One of the points I was harping on at and around the Symbian Partner conf were my perceived issued with the Symbian Signed effort. As a developer I get no benefit out of the initiative, but I’ve commonly felt some pained incurred by it. David Wood also just posted about the basic principles of software signing, so apparently it’s on his mind too.
I’ve already put down a bunch of my gripes about the current system. But if we want to break it down to basics, there are a few questions that I think we need to answer about a signing process. I was going to try to lay then down in some form of coherent order, but I have a rapidly evolving situation that needs some tending to. So here they are in jumbled rough form:
- Signing is trusting. In the SSL world that’s trusting that the server at the end of the connection is owned by the people who are supposed to own it. Who are we trusting in signing a Symbian app?
- There’s trusting that the app provider isn’t going to do anything nefarious.
- There’s trusting that the OS will only allow the app to do things it was signed to do (nice bit of work there, I like this part of the signing process actually)
- There’s trusting that is something goes wrong with the app you can get help.. which is unaddressed.

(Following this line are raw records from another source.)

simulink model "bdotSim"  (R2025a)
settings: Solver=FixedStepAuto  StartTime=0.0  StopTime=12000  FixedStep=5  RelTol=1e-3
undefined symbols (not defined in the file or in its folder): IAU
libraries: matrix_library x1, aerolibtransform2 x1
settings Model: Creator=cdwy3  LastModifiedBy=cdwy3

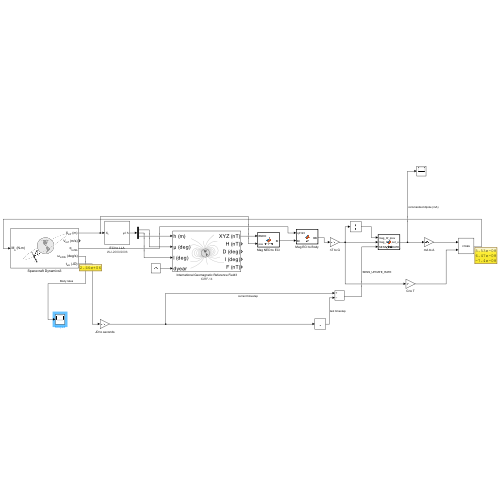
[thumbnail: Simulink's stored preview of the top-level diagram]
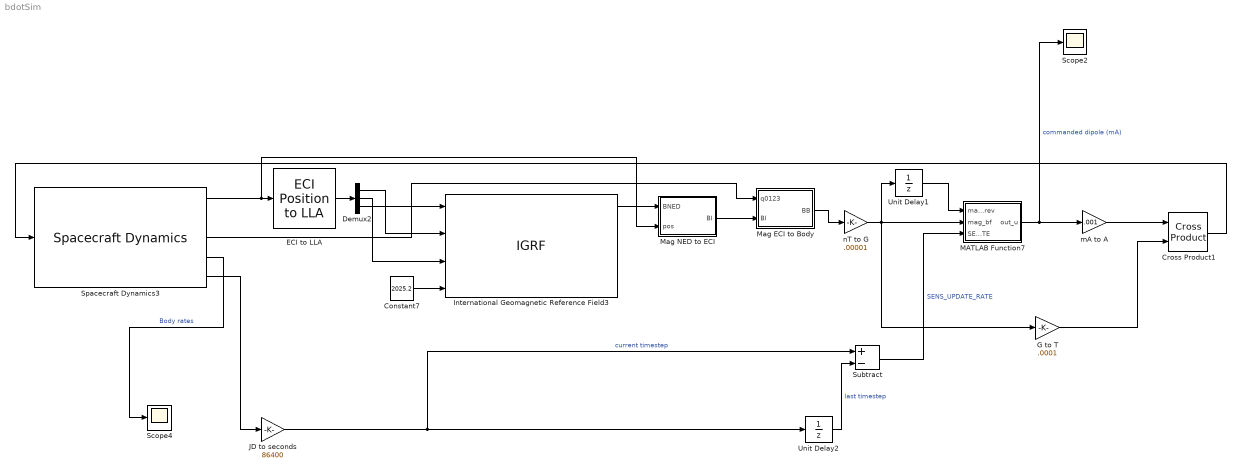
== system bdotSim ==
  Constant7 : Constant  Value=2025.2
  Cross Product1 : matrix_library/Cross Product
  Demux2 : Demux  Outputs=3
  ECI to LLA : aerolibtransform2/ECI Position to LLA  red=IAU-2000/2006  year=2013  month=January  day=1  hour=0  min=0  sec=0  deltaT=None  errorflag=Error  extraparamflag=off  eunits=Metric (MKS)  earthmodel=WGS84  flat=1/298.257223563  eqradius=6378137
      settings: AttributesFormatString=%<red>
  G to T : Gain  Gain=.0001
  International Geomagnetic Reference Field3 : IGRF  month=January  day=1  sv_out=off
      settings: AttributesFormatString=%<generation>
  JD to seconds : Gain  Gain=86400
  MATLAB Function7 : MATLAB Function  TreatAsAtomicUnit=on
  Mag ECI to Body : MATLAB Function  TreatAsAtomicUnit=on
  Mag NED to ECI : MATLAB Function  TreatAsAtomicUnit=on
  Scope2 : Scope
      settings: DataLoggingVariableName=ScopeData2
  Scope4 : Scope
      settings: ActiveDisplayYMinimum=-4.7437885423070316  ActiveDisplayYMaximum=5.1934915160474038  YLabel=Body Rates (deg/s)  DataLoggingVariableName=ScopeData4
  Spacecraft Dynamics3 : SpacecraftDynamics  forcesIn=off  startDate=2460438.0  mass=9.0  inertia=[0.0797 -0.00005 0.00125 ;-0.00005 0.1291 -0.00103;0.00125 -0.00103 0.1310]  orbitType=Circular inclined  semiMajorAxis=6821000  eccentricity=0  inclination=55  raan=0  argPeriapsis=0  trueAnomaly=0  attitudeRate=[3 3 3]  useGravGrad=off
  Subtract : Sum  Inputs=+-
  Unit Delay1 : UnitDelay  SampleTime=-1  HasFrameUpgradeWarning=on
  Unit Delay2 : UnitDelay  SampleTime=-1  HasFrameUpgradeWarning=on
  mA to A : Gain  Gain=.001
  nT to G : Gain  Gain=.00001
  wires:
  Constant7/1 -> International Geomagnetic Reference Field3/4
  Spacecraft Dynamics3/1 -> ECI to LLA/1, Mag NED to ECI/2(pos)
  International Geomagnetic Reference Field3/1 -> Mag NED to ECI/1(BNED)
  Mag NED to ECI/1(BI) -> Mag ECI to Body/2(BI)
  Spacecraft Dynamics3/3 -> Mag ECI to Body/1(q0123)
  Mag ECI to Body/1(BB) -> nT to G/1
  Unit Delay1/1 -> MATLAB Function7/1(mag_bf_prev)
  MATLAB Function7/1(out_u) -> Scope2/1, mA to A/1  "commanded dipole (mA)"
  mA to A/1 -> Cross Product1/1
  G to T/1 -> Cross Product1/2
  nT to G/1 -> Unit Delay1/1, MATLAB Function7/2(mag_bf), G to T/1
  Spacecraft Dynamics3/4 -> Scope4/1  "Body rates"
  Spacecraft Dynamics3/5 -> JD to seconds/1
  Unit Delay2/1 -> Subtract/2  "last timestep"
  Subtract/1 -> MATLAB Function7/3(SENS_UPDATE_RATE)  "SENS_UPDATE_RATE"
  JD to seconds/1 -> Subtract/1, Unit Delay2/1  "current timestep"
  Cross Product1/1 -> Spacecraft Dynamics3/1
  ECI to LLA/1 -> Demux2/1
  Demux2/1 -> International Geomagnetic Reference Field3/2
  Demux2/2 -> International Geomagnetic Reference Field3/3
  Demux2/3 -> International Geomagnetic Reference Field3/1

== matlab function bdotSim/Mag NED to ECI ==
  data: BNED input; BI output; pos input
function BI = NED2I(BNED,pos)

rvec = [pos(1); pos(2); pos(3)];
rho = norm(rvec);

phi=0;
theta = acos(pos(3) / rho);
psi = atan2(pos(2), pos(1));

ct = cos(theta);
st = sin(theta);
sp = sin(phi);
cp = cos(phi);
ss = sin(psi);
cs = cos(psi);

BI = [ct*cs,sp*st*cs-cp*ss,cp*st*cs+sp*ss;
    ct*ss,sp*st*ss+cp*cs,cp*st*ss-sp*cs;
    -st,sp*ct,cp*ct] * BNED;

== matlab function bdotSim/Mag ECI to Body ==
  data: q0123 input; BB output; BI input
function BB = I2B(q0123,BI)
%compute R such that v(inertial) = TIB v(body)

q0 = q0123(1);
q1 = q0123(2);
q2 = q0123(3);
q3 = q0123(4);

BB = [(q0^2+q1^2-q2^2-q3^2) 2*(q1*q2-q0*q3)  2*(q0*q2+q1*q3);
      2*(q1*q2+q0*q3) (q0^2-q1^2+q2^2-q3^2) 2*(q2*q3-q0*q1);
      2*(q1*q3-q0*q2) 2*(q0*q1+q2*q3) (q0^2-q1^2-q2^2+q3^2)]' * BI;
% Matrix originally adopted from Boom 2010 - Mark Costello
% Copyright - Carlos Montalvo 2015
% You may freely distribute this file but please keep my name in here
% as the original owner

== matlab function bdotSim/MATLAB Function7 ==
  data: mag_bf_prev input; out_u output; mag_bf input; SENS_UPDATE_RATE input
function out_u = bdot(mag_bf_prev,mag_bf,SENS_UPDATE_RATE)

detumble_gain = 5000;
mag_bf_rate = (mag_bf - mag_bf_prev)/SENS_UPDATE_RATE;

out_u = -detumble_gain * mag_bf_rate;  % Control law taken from flight code

% Saturate to ±100 mA·m^2 (0.1 A·m^2)
max_dipole = 100;  % milli-A·m^2
for i = 1:3
        if out_u(i) > max_dipole
            out_u(i) = max_dipole;
        elseif out_u(i) < -max_dipole
            out_u(i) = -max_dipole;
        end
end

- Part of what the carriers/operators really want is a reduction in support calls/cost. This doesn’t help that. Actually, there’s a mistaken perception on the part of users that their carrier/operator is the person to call when an app goes wrong. I don’t call Comcast when a virus screws up my PC
- Why are these things really important in the mobile world when they’re left to sort themselves out (internet style) in the PC realm? Is it constrained devices and bandwidth really? Or is carrier/operator cost the principal driver?
- If it’s really constrained devices and bandwidth, why can’t I – the user – manage rights outside of the signing infrastructure? Why doesn’t signing set default rights and let me choose what I want to grant or remove manually after the install?
- Signing shouldn’t be the only mechanism of trust extension. Look at the Maemo installer for an example of well done application installation process. Installing a package brings in a feed of updates, repository for apt installs actually, that brings in updates. Build the trust mechanism into that, I should be able to trust the people I want to trust. It’s great that the operating system can enforce some set of restrictions for a set of applications signed by an “official source”. But if I want to trust Google directly, let me trust Google.
Damnit, gotta run. Give David some feedback if you can, I think he’s headed in a good direction with this conversation.